_Exercise directions_:
Sort through the data and copy the lines holding the word "dimension".

■ ■ ■ ■

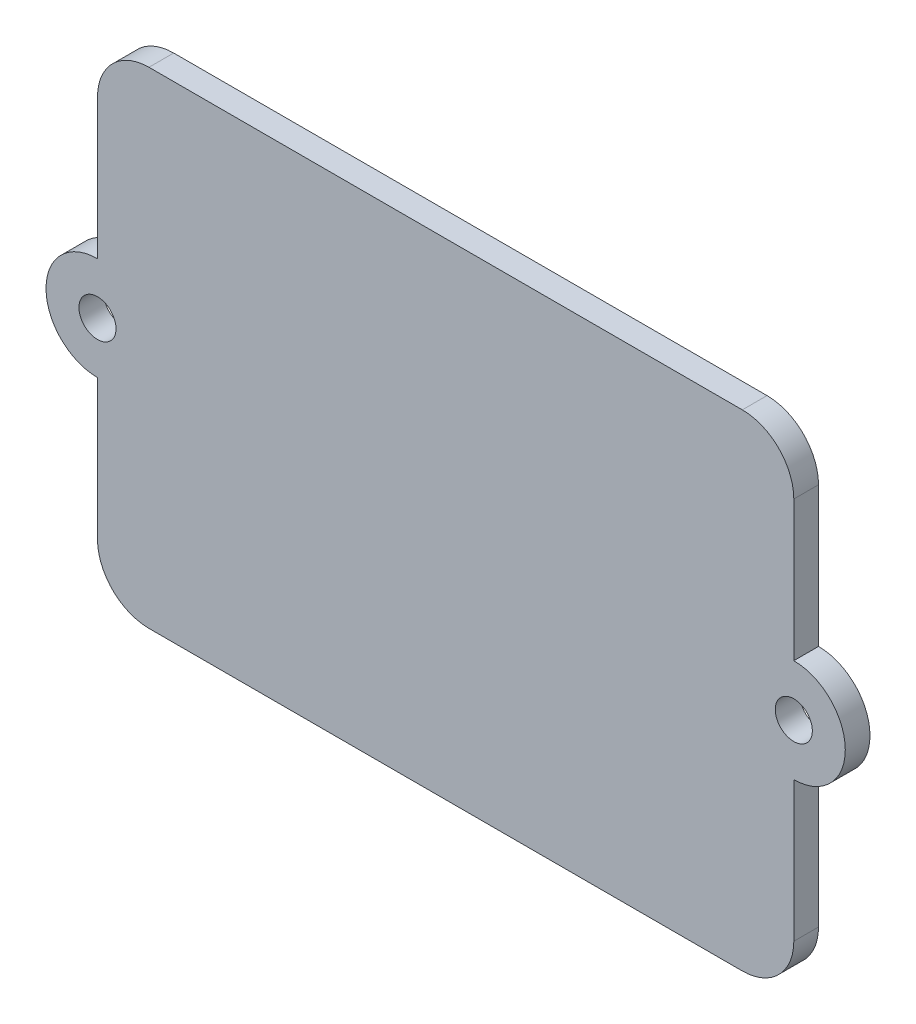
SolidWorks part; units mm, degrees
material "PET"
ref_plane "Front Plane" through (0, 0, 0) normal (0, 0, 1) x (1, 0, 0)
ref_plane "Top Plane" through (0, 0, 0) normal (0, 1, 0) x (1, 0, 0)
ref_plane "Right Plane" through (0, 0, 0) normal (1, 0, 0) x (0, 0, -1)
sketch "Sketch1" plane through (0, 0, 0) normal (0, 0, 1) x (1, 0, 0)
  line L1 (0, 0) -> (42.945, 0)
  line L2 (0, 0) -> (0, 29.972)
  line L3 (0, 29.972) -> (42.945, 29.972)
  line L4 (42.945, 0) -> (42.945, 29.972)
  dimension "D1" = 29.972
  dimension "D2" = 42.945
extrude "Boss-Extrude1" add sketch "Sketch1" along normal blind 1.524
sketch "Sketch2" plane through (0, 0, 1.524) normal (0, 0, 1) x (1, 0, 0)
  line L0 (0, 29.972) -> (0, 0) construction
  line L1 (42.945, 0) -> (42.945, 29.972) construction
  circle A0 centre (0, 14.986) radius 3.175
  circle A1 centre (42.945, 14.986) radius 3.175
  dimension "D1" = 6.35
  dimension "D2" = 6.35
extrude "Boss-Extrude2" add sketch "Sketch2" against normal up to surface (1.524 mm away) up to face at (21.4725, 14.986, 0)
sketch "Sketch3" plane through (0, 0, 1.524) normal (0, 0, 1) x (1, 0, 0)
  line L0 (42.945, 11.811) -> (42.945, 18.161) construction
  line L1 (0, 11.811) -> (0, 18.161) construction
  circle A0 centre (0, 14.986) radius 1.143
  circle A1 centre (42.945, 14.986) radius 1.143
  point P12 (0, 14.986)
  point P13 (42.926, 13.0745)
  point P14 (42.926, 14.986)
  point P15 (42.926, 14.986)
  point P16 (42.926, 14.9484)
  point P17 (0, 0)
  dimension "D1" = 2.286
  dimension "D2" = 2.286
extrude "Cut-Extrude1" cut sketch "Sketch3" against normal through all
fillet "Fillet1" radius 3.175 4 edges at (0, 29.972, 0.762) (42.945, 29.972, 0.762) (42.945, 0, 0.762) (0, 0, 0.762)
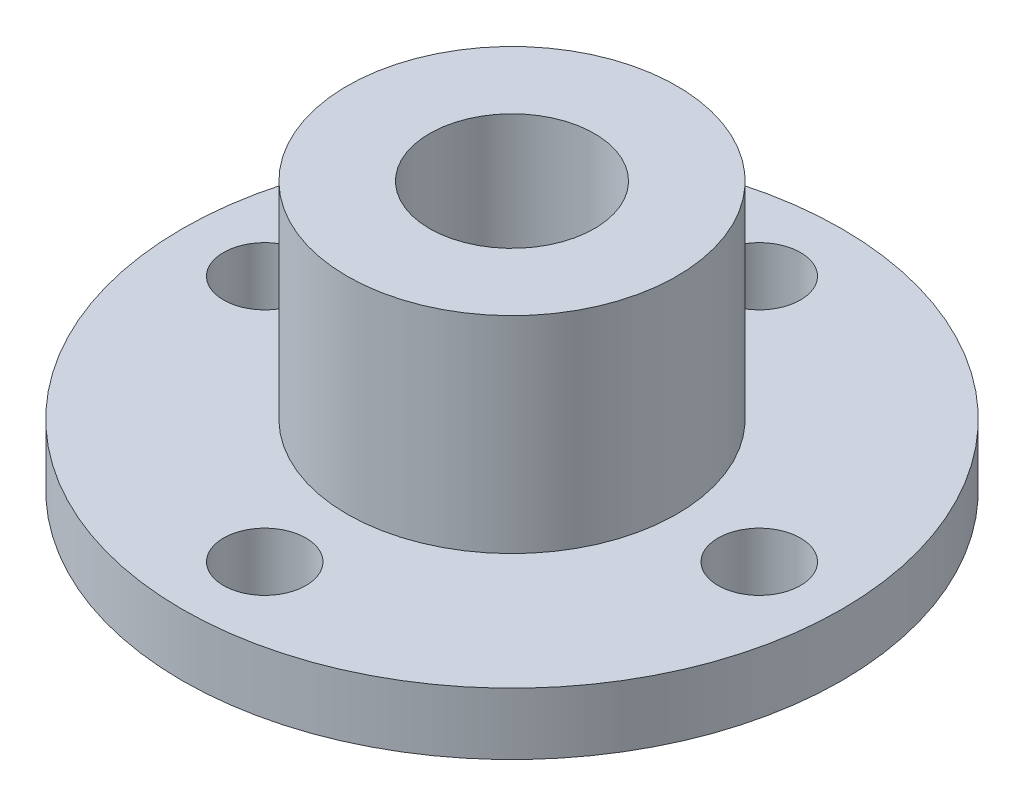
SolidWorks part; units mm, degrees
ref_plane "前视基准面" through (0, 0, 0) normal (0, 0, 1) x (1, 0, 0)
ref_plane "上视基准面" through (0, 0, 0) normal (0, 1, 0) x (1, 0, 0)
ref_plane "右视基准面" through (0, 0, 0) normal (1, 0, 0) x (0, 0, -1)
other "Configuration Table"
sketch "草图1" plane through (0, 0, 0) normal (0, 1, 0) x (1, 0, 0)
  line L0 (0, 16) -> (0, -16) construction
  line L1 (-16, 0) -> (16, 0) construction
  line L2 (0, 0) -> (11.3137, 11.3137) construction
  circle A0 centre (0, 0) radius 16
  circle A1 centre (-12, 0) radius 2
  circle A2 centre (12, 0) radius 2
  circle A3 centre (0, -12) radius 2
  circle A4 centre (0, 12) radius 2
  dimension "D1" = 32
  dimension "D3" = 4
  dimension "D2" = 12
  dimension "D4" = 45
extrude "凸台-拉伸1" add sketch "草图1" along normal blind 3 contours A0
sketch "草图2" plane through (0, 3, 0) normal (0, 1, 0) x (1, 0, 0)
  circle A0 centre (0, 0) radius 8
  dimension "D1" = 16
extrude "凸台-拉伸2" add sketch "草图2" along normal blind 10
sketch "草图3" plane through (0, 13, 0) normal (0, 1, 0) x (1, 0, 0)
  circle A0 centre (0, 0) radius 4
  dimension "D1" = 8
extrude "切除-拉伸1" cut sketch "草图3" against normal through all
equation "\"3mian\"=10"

■ ■ ■ ■

_Result_:
  dimension "D1" = 29.972
  dimension "D2" = 42.945
  dimension "D1" = 6.35
  dimension "D2" = 6.35
  dimension "D1" = 2.286
  dimension "D2" = 2.286
  dimension "D1" = 32
  dimension "D3" = 4
  dimension "D2" = 12
  dimension "D4" = 45
  dimension "D1" = 16
  dimension "D1" = 8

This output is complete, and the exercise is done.